◆ Activity ◆
Reproduce the records below exactly, but only between the lines holding "ob_tri.empty_display_type = 'IMAGE'" and "ob_empty.rotation_euler = (0.9122, -6.208e-08, -0.8191)", inclusive.

Extracted data entries:
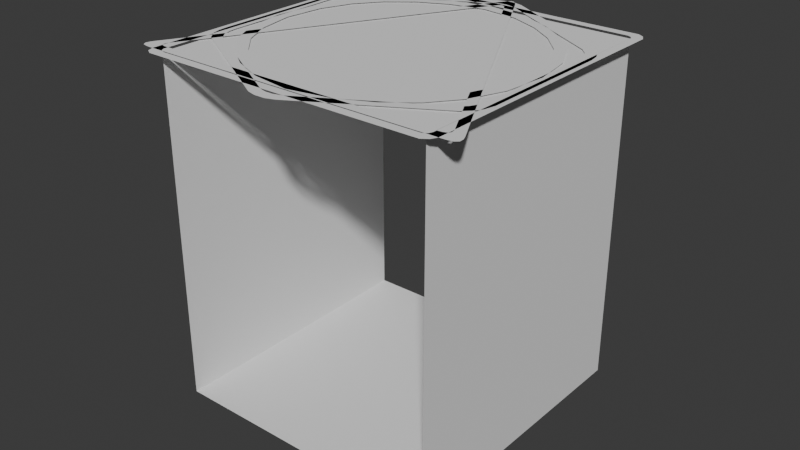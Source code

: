 # Source: Sources.blend  (saved by Blender 5.1.30; exported with 4.5.12 LTS)
import bpy
from mathutils import Matrix  # noqa: F401  (used for matrix-valued properties, if any)

bpy.ops.wm.read_factory_settings(use_empty=True)
scene = bpy.context.scene
scene.name = 'Scene'

# ---- collections
col_collection = bpy.data.collections.new('Collection'); scene.collection.children.link(col_collection)

# ---- world
world_world = bpy.data.worlds.new('World'); scene.world = world_world
world_world.use_nodes = True; world_world.node_tree.nodes.clear()
_N = world_world.node_tree.nodes; _L = world_world.node_tree.links
n0 = _N.new('ShaderNodeOutputWorld'); n0.name = 'World Output'; n0.location = (200, 100)
n1 = _N.new('ShaderNodeBackground'); n1.name = 'Background'; n1.location = (-200, 100)
n1.inputs[0].default_value = (0.05088, 0.05088, 0.05088, 1.0)
_L.new(n1.outputs[0], n0.inputs[0])
n0.is_active_output = True
world_world.color = (0.05088, 0.05088, 0.05088)
world_world.sun_shadow_jitter_overblur = 0.0

# ---- meshes
me_ring1 = bpy.data.meshes.new('Ring1')
me_ring1.from_pydata([(-0.8144, -0.03449, 0.0), (-0.7904, 0.2122, 0.0), (-0.7122, 0.407, 0.0), (-0.5953, 0.5614, 0.0), (-0.4452, 0.6826, 0.0), (-0.2611, 0.7722, 0.0), (-0.03063, 0.8187, 0.0), (0.2048, 0.7841, 0.0), (0.3917, 0.7016, 0.0), (0.5531, 0.5898, 0.0), (0.6839, 0.4489, 0.0), (0.7738, 0.2636, 0.0), (0.8141, 0.03196, 0.0), (0.7892, -0.2122, 0.0), (0.7119, -0.4095, 0.0), (0.5947, -0.5617, 0.0), (0.4455, -0.6842, 0.0), (0.2618, -0.7728, 0.0), (0.02206, -0.8187, 0.0), (-0.2051, -0.7835, 0.0), (-0.3926, -0.7032, 0.0), (-0.5524, -0.5907, 0.0), (-0.6845, -0.4492, 0.0), (-0.7731, -0.2655, 0.0), (-0.7486, -0.03218, 0.0), (-0.7254, 0.1977, 0.0), (-0.655, 0.3763, 0.0), (-0.546, 0.5176, 0.0), (-0.4072, 0.629, 0.0), (-0.2366, 0.7112, 0.0), (-0.0288, 0.7524, 0.0), (0.1865, 0.7218, 0.0), (0.3613, 0.6441, 0.0), (0.5088, 0.5417, 0.0), (0.6287, 0.4125, 0.0), (0.7097, 0.2451, 0.0), (0.748, 0.0291, 0.0), (0.7257, -0.1977, 0.0), (0.6544, -0.3782, 0.0), (0.5451, -0.5185, 0.0), (0.4071, -0.6303, 0.0), (0.2369, -0.7103, 0.0), (0.01927, -0.7534, 0.0), (-0.1835, -0.7212, 0.0), (-0.3594, -0.6453, 0.0), (-0.5082, -0.5408, 0.0), (-0.6278, -0.4113, 0.0), (-0.7094, -0.2442, 0.0)], [], [(3, 27, 28, 4), (6, 30, 31, 7), (40, 16, 15, 39), (1, 25, 26, 2), (38, 14, 13, 37), (11, 35, 36, 12), (43, 19, 18, 42), (7, 31, 32, 8), (41, 17, 16, 40), (47, 23, 22, 46), (4, 28, 29, 5), (5, 29, 30, 6), (46, 22, 21, 45), (2, 26, 27, 3), (45, 21, 20, 44), (24, 25, 1, 0), (9, 33, 34, 10), (39, 15, 14, 38), (24, 0, 23, 47), (42, 18, 17, 41), (36, 37, 13, 12), (8, 32, 33, 9), (10, 34, 35, 11), (44, 20, 19, 43)])
me_ring1.polygons.foreach_set('use_smooth', [True] * 24)
_uv = me_ring1.uv_layers.new(name='UVMap')
_uv.uv.foreach_set('vector', [8.659e-05, 0.3745, 1.0, 0.3745, 1.0, 0.4123, 6.024e-05, 0.4123, 2.049e-07, 0.4979, 1.0, 0.4979, 1.0, 0.5442, -3.231e-05, 0.5442, 1.0, 0.9119, -0.0002887, 0.9119, -0.0002624, 0.8741, 1.0, 0.8741, 0.0001416, 0.2956, 1.0, 0.2956, 1.0, 0.3365, 0.000113, 0.3365, 1.0, 0.8363, -0.0002362, 0.8363, -0.0002073, 0.795, 1.0, 0.795, -0.0001413, 0.7003, 1.0, 0.7003, 1.0, 0.7467, -0.0001736, 0.7467, 1.0, 0.04456, 0.0003171, 0.04456, 0.000348, 0.001843, 1.0, 0.001843, -3.231e-05, 0.5442, 1.0, 0.5442, 1.0, 0.5846, -6.027e-05, 0.5846, 1.0, 0.9519, -0.0003167, 0.9519, -0.0002887, 0.9119, 1.0, 0.9119, 1.0, 0.2009, 0.0002077, 0.2009, 0.0002355, 0.1611, 1.0, 0.1611, 6.024e-05, 0.4123, 1.0, 0.4123, 1.0, 0.4526, 3.226e-05, 0.4526, 3.226e-05, 0.4526, 1.0, 0.4526, 1.0, 0.4979, 2.049e-07, 0.4979, 1.0, 0.1611, 0.0002355, 0.1611, 0.0002618, 0.1235, 1.0, 0.1235, 0.000113, 0.3365, 1.0, 0.3365, 1.0, 0.3745, 8.659e-05, 0.3745, 1.0, 0.1235, 0.0002618, 0.1235, 0.0002887, 0.0849, 1.0, 0.0849, 1.0, 0.2467, 1.0, 0.2956, 0.0001416, 0.2956, 0.0001756, 0.2467, -8.709e-05, 0.6229, 1.0, 0.6229, 1.0, 0.6604, -0.0001133, 0.6604, 1.0, 0.8741, -0.0002624, 0.8741, -0.0002362, 0.8363, 1.0, 0.8363, 1.0, 0.2467, 0.0001756, 0.2467, 0.0002077, 0.2009, 1.0, 0.2009, 1.0, 0.9992, -0.0003505, 0.9992, -0.0003167, 0.9519, 1.0, 0.9519, 1.0, 0.7467, 1.0, 0.795, -0.0002073, 0.795, -0.0001736, 0.7467, -6.027e-05, 0.5846, 1.0, 0.5846, 1.0, 0.6229, -8.709e-05, 0.6229, -0.0001133, 0.6604, 1.0, 0.6604, 1.0, 0.7003, -0.0001413, 0.7003, 1.0, 0.0849, 0.0002887, 0.0849, 0.0003171, 0.04456, 1.0, 0.04456])
me_ring1.update()
me_plane_001 = bpy.data.meshes.new('Plane.001')
me_plane_001.from_pydata([(-0.8685, -0.8615, 0.0), (-0.8838, -0.8234, 0.0), (-0.8868, -0.2331, 0.0), (-0.8868, 0.06239, 0.0), (-0.8836, 0.8177, 0.0), (-0.8761, 0.8554, 0.0), (-0.8374, 0.8827, 0.0), (-0.5285, 0.8832, 0.0), (-0.233, 0.8841, 0.0), (0.06252, 0.8841, 0.0), (0.358, 0.8822, 0.0), (0.8291, 0.886, 0.0), (0.8639, 0.8655, 0.0), (0.8843, 0.8291, 0.0), (0.8833, 0.2332, 0.0), (0.8841, -0.06233, 0.0), (0.8841, -0.3578, 0.0), (0.885, -0.8244, 0.0), (0.869, -0.8581, 0.0), (0.8337, -0.8826, 0.0), (0.2454, -0.8831, 0.0), (-0.04185, -0.8824, 0.0), (-0.341, -0.884, 0.0), (-0.8338, -0.8826, 0.0), (-0.8197, -0.8195, 0.0), (-0.8325, -0.7967, 0.0), (-0.8325, -0.2243, 0.0), (-0.8325, 0.06091, 0.0), (-0.8324, 0.7911, 0.0), (-0.8277, 0.8125, 0.0), (-0.7992, 0.832, 0.0), (-0.516, 0.834, 0.0), (-0.2264, 0.8327, 0.0), (0.06053, 0.833, 0.0), (0.3464, 0.8331, 0.0), (0.7951, 0.8328, 0.0), (0.816, 0.825, 0.0), (0.8312, 0.8057, 0.0), (0.834, 0.2264, 0.0), (0.8347, -0.04029, 0.0), (0.8347, -0.3453, 0.0), (0.8338, -0.793, 0.0), (0.8254, -0.8153, 0.0), (0.8031, -0.8306, 0.0), (0.2385, -0.8316, 0.0), (-0.04036, -0.8319, 0.0), (-0.3292, -0.832, 0.0), (-0.7894, -0.8321, 0.0)], [], [(5, 4, 28, 29), (33, 9, 8, 32), (21, 45, 46, 22), (20, 44, 45, 21), (18, 42, 43, 19), (22, 46, 47, 23), (34, 10, 9, 33), (36, 12, 11, 35), (35, 11, 10, 34), (17, 41, 42, 18), (4, 3, 27, 28), (31, 7, 6, 30), (32, 8, 7, 31), (30, 6, 5, 29), (19, 43, 44, 20), (39, 40, 16, 15), (40, 41, 17, 16), (13, 12, 37), (36, 37, 12), (1, 0, 24, 25), (23, 47, 24, 0), (2, 1, 25, 26), (37, 38, 14, 13), (3, 2, 26, 27), (38, 39, 15, 14)])
me_plane_001.polygons.foreach_set('use_smooth', [True] * 25)
_uv = me_plane_001.uv_layers.new(name='UVMap')
_uv.uv.foreach_set('vector', [-0.0001386, 0.367, -0.0001427, 0.3629, 0.9999, 0.3629, 0.9999, 0.3673, 1.0, 0.5029, -2.414e-06, 0.5029, -4.546e-05, 0.46, 1.0, 0.4597, -0.0005061, 4.911e-06, 0.9995, -4.911e-06, 0.9995, 0.04348, -0.0004625, 0.0435, 0.0004535, 0.9582, 1.0, 0.958, 1.0, 0.9999, 0.0004953, 1.0, 0.0003632, 0.8681, 1.0, 0.868, 1.0, 0.8733, 0.0003681, 0.8729, -0.0004625, 0.0435, 0.9995, 0.04348, 0.9996, 0.1123, -0.0003912, 0.1147, 1.0, 0.5459, 4.062e-05, 0.5459, -2.414e-06, 0.5029, 1.0, 0.5029, 1.0, 0.6176, 0.0001136, 0.6188, 0.0001089, 0.6141, 1.0, 0.6132, 1.0, 0.6132, 0.0001089, 0.6141, 4.062e-05, 0.5459, 1.0, 0.5459, 0.0003588, 0.8637, 1.0, 0.8633, 1.0, 0.868, 0.0003632, 0.8681, -0.0001427, 0.3629, -0.0002527, 0.253, 0.9997, 0.2531, 0.9999, 0.3629, 0.9999, 0.4161, -8.853e-05, 0.4169, -0.0001328, 0.3727, 0.9999, 0.3738, 1.0, 0.4597, -4.546e-05, 0.46, -8.853e-05, 0.4169, 0.9999, 0.4161, 0.9999, 0.3738, -0.0001328, 0.3727, -0.0001386, 0.367, 0.9999, 0.3673, 0.0003681, 0.8729, 1.0, 0.8733, 1.0, 0.958, 0.0004535, 0.9582, 1.0, 0.7501, 1.0, 0.7961, 0.0002911, 0.796, 0.000248, 0.753, 1.0, 0.7961, 1.0, 0.8633, 0.0003588, 0.8637, 0.0002911, 0.796, 0.0001182, 0.6234, 0.0001136, 0.6188, 1.0, 0.6228, 1.0, 0.6176, 1.0, 0.6228, 0.005257, 0.6188, -0.0003816, 0.1243, -0.0003864, 0.1195, 0.9996, 0.1188, 0.9996, 0.124, -0.0003912, 0.1147, 0.9996, 0.1123, 0.9996, 0.1188, -0.0003864, 0.1195, -0.0002957, 0.2101, -0.0003816, 0.1243, 0.9996, 0.124, 0.9997, 0.2101, 1.0, 0.6228, 1.0, 0.71, 0.000205, 0.7101, 0.0001182, 0.6234, -0.0002527, 0.253, -0.0002957, 0.2101, 0.9997, 0.2101, 0.9997, 0.2531, 1.0, 0.71, 1.0, 0.7501, 0.000248, 0.753, 0.000205, 0.7101])
me_plane_001.update()
me_plane_002 = bpy.data.meshes.new('Plane.002')
me_plane_002.from_pydata([(-0.9631, -0.8145, 0.0), (-0.9756, -0.793, 0.0), (-0.9706, -0.7678, 0.0), (-0.9613, -0.7465, 0.0), (-0.9504, -0.7279, 0.0), (-0.06414, 0.8947, 0.0), (-0.04836, 0.9234, 0.0), (-0.0297, 0.9537, 0.0), (-0.009416, 0.9727, 0.0), (0.008623, 0.9724, 0.0), (0.03336, 0.9479, 0.0), (0.05083, 0.9197, 0.0), (0.06562, 0.8934, 0.0), (0.9544, -0.7365, 0.0), (0.9624, -0.7514, 0.0), (0.9731, -0.7767, 0.0), (0.9742, -0.8023, 0.0), (0.957, -0.8173, 0.0), (0.9237, -0.8228, 0.0), (0.8903, -0.8241, 0.0), (0.8597, -0.8233, 0.0), (-0.8688, -0.8241, 0.0), (-0.8963, -0.8244, 0.0), (-0.9271, -0.8232, 0.0), (-0.8836, -0.7605, 0.0), (-0.8912, -0.7474, 0.0), (-0.8914, -0.738, 0.0), (-0.8865, -0.7249, 0.0), (-0.8773, -0.7092, 0.0), (-0.04331, 0.8239, 0.0), (-0.03014, 0.8444, 0.0), (-0.01781, 0.8634, 0.0), (-0.0036, 0.8725, 0.0), (0.004692, 0.8728, 0.0), (0.01796, 0.8625, 0.0), (0.02969, 0.8455, 0.0), (0.04249, 0.8238, 0.0), (0.8805, -0.7097, 0.0), (0.8883, -0.7248, 0.0), (0.891, -0.7379, 0.0), (0.892, -0.7485, 0.0), (0.8863, -0.7591, 0.0), (0.8623, -0.7683, 0.0), (0.8274, -0.7704, 0.0), (0.796, -0.7704, 0.0), (-0.8183, -0.7694, 0.0), (-0.839, -0.7694, 0.0), (-0.8641, -0.7693, 0.0)], [], [(41, 42, 18, 17), (24, 25, 1, 0), (29, 5, 4, 28), (43, 19, 18, 42), (4, 3, 27, 28), (33, 9, 8, 32), (34, 10, 9, 33), (2, 1, 25, 26), (11, 35, 36, 12), (8, 7, 31, 32), (10, 34, 35, 11), (40, 16, 15, 39), (31, 7, 6, 30), (38, 14, 13, 37), (45, 21, 20, 44), (21, 45, 46, 22), (23, 47, 24, 0), (22, 46, 47, 23), (41, 17, 16, 40), (14, 38, 39, 15), (2, 26, 27, 3), (30, 6, 5, 29), (44, 20, 19, 43), (13, 12, 36, 37)])
me_plane_002.polygons.foreach_set('use_smooth', [True] * 24)
_uv = me_plane_002.uv_layers.new(name='UVMap')
_uv.uv.foreach_set('vector', [0.999, 0.8747, 0.999, 0.8812, -0.001035, 0.8788, -0.001024, 0.8748, 1.001, 0.2006, 1.001, 0.207, 0.0008757, 0.2056, 0.00089, 0.2006, 1.0, 0.5218, -2.655e-05, 0.5235, 0.0008479, 0.2154, 1.001, 0.2166, 0.9989, 0.8905, -0.001058, 0.887, -0.001035, 0.8788, 0.999, 0.8812, 0.0008479, 0.2154, 0.0008533, 0.2135, 1.001, 0.2147, 1.001, 0.2166, 0.9999, 0.5424, -7.377e-05, 0.5401, -6.262e-05, 0.5362, 0.9999, 0.534, 0.9999, 0.5459, -8.504e-05, 0.5441, -7.377e-05, 0.5401, 0.9999, 0.5424, 0.0008574, 0.2121, 0.0008757, 0.2056, 1.001, 0.207, 1.001, 0.2133, -9.876e-05, 0.549, 0.9999, 0.5506, 0.9999, 0.555, -0.0001114, 0.5534, -6.262e-05, 0.5362, -5.22e-05, 0.5325, 1.0, 0.5308, 0.9999, 0.534, -8.504e-05, 0.5441, 0.9999, 0.5459, 0.9999, 0.5506, -9.876e-05, 0.549, 0.999, 0.8656, -0.001008, 0.8694, -0.0009927, 0.8639, 0.999, 0.8604, 1.0, 0.5308, -5.22e-05, 0.5325, -3.906e-05, 0.5279, 1.0, 0.5262, 0.999, 0.8536, -0.0009728, 0.8569, -0.0009704, 0.856, 0.999, 0.8527, 1.001, 0.1839, 0.0009276, 0.1873, 0.07533, -0.1084, 1.078, -0.1043, 0.0009276, 0.1873, 1.001, 0.1839, 1.001, 0.1876, 0.0009168, 0.1911, 0.0009037, 0.1958, 1.001, 0.192, 1.001, 0.2006, 0.00089, 0.2006, 0.0009168, 0.1911, 1.001, 0.1876, 1.001, 0.192, 0.0009037, 0.1958, 0.999, 0.8747, -0.001024, 0.8748, -0.001008, 0.8694, 0.999, 0.8656, -0.0009728, 0.8569, 0.999, 0.8536, 0.999, 0.8604, -0.0009927, 0.8639, 0.0008574, 0.2121, 1.001, 0.2133, 1.001, 0.2147, 0.0008533, 0.2135, 1.0, 0.5262, -3.906e-05, 0.5279, -2.655e-05, 0.5235, 1.0, 0.5218, 0.9989, 0.8961, -0.001075, 0.8927, -0.001058, 0.887, 0.9989, 0.8905, -0.0009704, 0.856, -0.0001114, 0.5534, 0.9999, 0.555, 0.999, 0.8527])
me_plane_002.update()
me_plane_004 = bpy.data.meshes.new('Plane.004')
me_plane_004.from_pydata([(-0.6479, -0.7033, 0.0), (-0.9417, 0.08348, 0.0), (-0.9484, 0.1434, 0.0), (-0.9409, 0.19, 0.0), (-0.915, 0.2398, 0.0), (-0.385, 0.8695, 0.0), (-0.3405, 0.898, 0.0), (-0.2878, 0.9127, 0.0), (-0.2268, 0.9112, 0.0), (0.5392, 0.7757, 0.0), (0.6017, 0.7496, 0.0), (0.6389, 0.7136, 0.0), (0.6685, 0.6687, 0.0), (0.9415, -0.08111, 0.0), (0.9491, -0.1333, 0.0), (0.939, -0.1938, 0.0), (0.9156, -0.2433, 0.0), (0.3816, -0.8731, 0.0), (0.319, -0.9072, 0.0), (0.2657, -0.9133, 0.0), (0.2122, -0.9083, 0.0), (-0.5035, -0.783, 0.0), (-0.556, -0.7689, 0.0), (-0.6097, -0.7438, 0.0), (-0.6039, -0.6625, 0.0), (-0.8838, 0.08956, 0.0), (-0.8882, 0.1426, 0.0), (-0.8824, 0.1727, 0.0), (-0.8596, 0.2207, 0.0), (-0.3602, 0.8136, 0.0), (-0.3146, 0.8432, 0.0), (-0.2766, 0.8528, 0.0), (-0.2216, 0.8533, 0.0), (0.5123, 0.7229, 0.0), (0.5642, 0.7018, 0.0), (0.5953, 0.6771, 0.0), (0.6213, 0.6391, 0.0), (0.884, -0.08588, 0.0), (0.8895, -0.132, 0.0), (0.8815, -0.1772, 0.0), (0.8636, -0.2142, 0.0), (0.3479, -0.824, 0.0), (0.2991, -0.8497, 0.0), (0.2542, -0.8556, 0.0), (0.2073, -0.8523, 0.0), (-0.4799, -0.7323, 0.0), (-0.5246, -0.7195, 0.0), (-0.5711, -0.6968, 0.0)], [], [(41, 42, 18, 17), (24, 25, 1, 0), (29, 5, 4, 28), (43, 19, 18, 42), (4, 3, 27, 28), (33, 9, 8, 32), (34, 10, 9, 33), (2, 1, 25, 26), (11, 35, 36, 12), (8, 7, 31, 32), (10, 34, 35, 11), (40, 16, 15, 39), (31, 7, 6, 30), (38, 14, 13, 37), (45, 21, 20, 44), (21, 45, 46, 22), (23, 47, 24, 0), (22, 46, 47, 23), (41, 17, 16, 40), (14, 38, 39, 15), (2, 26, 27, 3), (30, 6, 5, 29), (44, 20, 19, 43), (13, 12, 36, 37)])
me_plane_004.polygons.foreach_set('use_smooth', [True] * 24)
_uv = me_plane_004.uv_layers.new(name='UVMap')
_uv.uv.foreach_set('vector', [0.999, 0.8747, 0.999, 0.8812, -0.001035, 0.8788, -0.001024, 0.8748, 1.001, 0.2006, 1.001, 0.207, 0.0008757, 0.2056, 0.00089, 0.2006, 1.0, 0.5218, -2.655e-05, 0.5235, 0.0008479, 0.2154, 1.001, 0.2166, 0.9989, 0.8905, -0.001058, 0.887, -0.001035, 0.8788, 0.999, 0.8812, 0.0008479, 0.2154, 0.0008533, 0.2135, 1.001, 0.2147, 1.001, 0.2166, 0.9999, 0.5424, -7.377e-05, 0.5401, -6.262e-05, 0.5362, 0.9999, 0.534, 0.9999, 0.5459, -8.504e-05, 0.5441, -7.377e-05, 0.5401, 0.9999, 0.5424, 0.0008574, 0.2121, 0.0008757, 0.2056, 1.001, 0.207, 1.001, 0.2133, -9.876e-05, 0.549, 0.9999, 0.5506, 0.9999, 0.555, -0.0001114, 0.5534, -6.262e-05, 0.5362, -5.22e-05, 0.5325, 1.0, 0.5308, 0.9999, 0.534, -8.504e-05, 0.5441, 0.9999, 0.5459, 0.9999, 0.5506, -9.876e-05, 0.549, 0.999, 0.8656, -0.001008, 0.8694, -0.0009927, 0.8639, 0.999, 0.8604, 1.0, 0.5308, -5.22e-05, 0.5325, -3.906e-05, 0.5279, 1.0, 0.5262, 0.999, 0.8536, -0.0009728, 0.8569, -0.0009704, 0.856, 0.999, 0.8527, 1.001, 0.1839, 0.0009276, 0.1873, 0.07533, -0.1084, 1.078, -0.1043, 0.0009276, 0.1873, 1.001, 0.1839, 1.001, 0.1876, 0.0009168, 0.1911, 0.0009037, 0.1958, 1.001, 0.192, 1.001, 0.2006, 0.00089, 0.2006, 0.0009168, 0.1911, 1.001, 0.1876, 1.001, 0.192, 0.0009037, 0.1958, 0.999, 0.8747, -0.001024, 0.8748, -0.001008, 0.8694, 0.999, 0.8656, -0.0009728, 0.8569, 0.999, 0.8536, 0.999, 0.8604, -0.0009927, 0.8639, 0.0008574, 0.2121, 1.001, 0.2133, 1.001, 0.2147, 0.0008533, 0.2135, 1.0, 0.5262, -3.906e-05, 0.5279, -2.655e-05, 0.5235, 1.0, 0.5218, 0.9989, 0.8961, -0.001075, 0.8927, -0.001058, 0.887, 0.9989, 0.8905, -0.0009704, 0.856, -0.0001114, 0.5534, 0.9999, 0.555, 0.999, 0.8527])
me_plane_004.update()
me_cube = bpy.data.meshes.new('Cube')
me_cube.from_pydata([(-1.0, -1.0, -1.0), (-1.0, -1.0, 1.0), (-1.0, 1.0, -1.0), (-1.0, 1.0, 1.0), (1.0, -1.0, -1.0), (1.0, -1.0, 1.0), (1.0, 1.0, -1.0), (1.0, 1.0, 1.0)], [], [(0, 1, 3, 2), (6, 7, 5, 4), (2, 6, 4, 0), (7, 3, 1, 5)])
_uv = me_cube.uv_layers.new(name='UVMap')
_uv.uv.foreach_set('vector', [0.75, 0.0, 1.0, 0.0, 1.0, 1.0, 0.75, 1.0, 0.5, 1.0, 0.25, 1.0, 0.25, 0.0, 0.5, 0.0, 0.75, 1.0, 0.5, 1.0, 0.5, 0.0, 0.75, 0.0, 0.25, 1.0, 0.0, 1.0, 0.0, 0.0, 0.25, 0.0])
me_cube.update()

# ---- objects
ob_outliner_circle = bpy.data.objects.new('Outliner_circle', me_ring1)
ob_cirlce = bpy.data.objects.new('cirlce', None)
ob_hex = bpy.data.objects.new('hex', None)
ob_tri = bpy.data.objects.new('Tri', None)
ob_square = bpy.data.objects.new('Square', None)
ob_outliner_rect = bpy.data.objects.new('Outliner_rect', me_plane_001)
ob_outliner_tri = bpy.data.objects.new('Outliner_tri', me_plane_002)
ob_outliner_hex = bpy.data.objects.new('Outliner_hex', me_plane_004)
ob_numbercube = bpy.data.objects.new('NumberCube', me_cube)
ob_empty = bpy.data.objects.new('Empty', None)

# ---- transforms, parenting, visibility, modifiers, constraints
ob_outliner_circle.location = (0.0, 0.0, 0.0)
ob_cirlce.location = (0.0, 0.0, 0.0)
ob_cirlce.scale = (0.3989, 0.3989, 1.0)
ob_cirlce.empty_display_type = 'IMAGE'
ob_cirlce.empty_display_size = 5.0
ob_hex.location = (0.0, 0.0, 0.0)
ob_hex.scale = (0.3987, 0.3987, 1.0)
ob_hex.empty_display_type = 'IMAGE'
ob_hex.empty_display_size = 5.0
ob_tri.location = (0.0, 0.0, -0.08924)
ob_tri.scale = (0.3986, 0.4212, 0.9933)
ob_tri.empty_display_type = 'IMAGE'
ob_tri.empty_display_size = 5.0
ob_square.location = (0.0, 0.0, 0.0)
ob_square.scale = (0.3985, 0.3985, 1.0)
ob_square.empty_display_type = 'IMAGE'
ob_square.empty_display_size = 5.0
ob_square.empty_image_depth = 'BACK'
ob_square.show_empty_image_perspective = False
ob_square.empty_image_side = 'FRONT'
ob_outliner_rect.location = (0.0, 0.0, 0.0)
ob_outliner_tri.location = (0.0, 0.0, 0.0)
ob_outliner_hex.location = (0.0, 0.0, 0.0)
ob_outliner_hex.rotation_euler = (0.0, -0.0, -1.396)
ob_numbercube.location = (0.0, 0.0, -1.008)
ob_numbercube.scale = (0.8181, 0.8181, 1.0)
ob_empty.location = (-3.004, 2.315, -0.7938)
ob_empty.rotation_euler = (0.9122, -6.208e-08, -0.8191)
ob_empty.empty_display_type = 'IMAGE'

◆ Task response ◆
ob_tri.empty_display_type = 'IMAGE'
ob_tri.empty_display_size = 5.0
ob_square.location = (0.0, 0.0, 0.0)
ob_square.scale = (0.3985, 0.3985, 1.0)
ob_square.empty_display_type = 'IMAGE'
ob_square.empty_display_size = 5.0
ob_square.empty_image_depth = 'BACK'
ob_square.show_empty_image_perspective = False
ob_square.empty_image_side = 'FRONT'
ob_outliner_rect.location = (0.0, 0.0, 0.0)
ob_outliner_tri.location = (0.0, 0.0, 0.0)
ob_outliner_hex.location = (0.0, 0.0, 0.0)
ob_outliner_hex.rotation_euler = (0.0, -0.0, -1.396)
ob_numbercube.location = (0.0, 0.0, -1.008)
ob_numbercube.scale = (0.8181, 0.8181, 1.0)
ob_empty.location = (-3.004, 2.315, -0.7938)
ob_empty.rotation_euler = (0.9122, -6.208e-08, -0.8191)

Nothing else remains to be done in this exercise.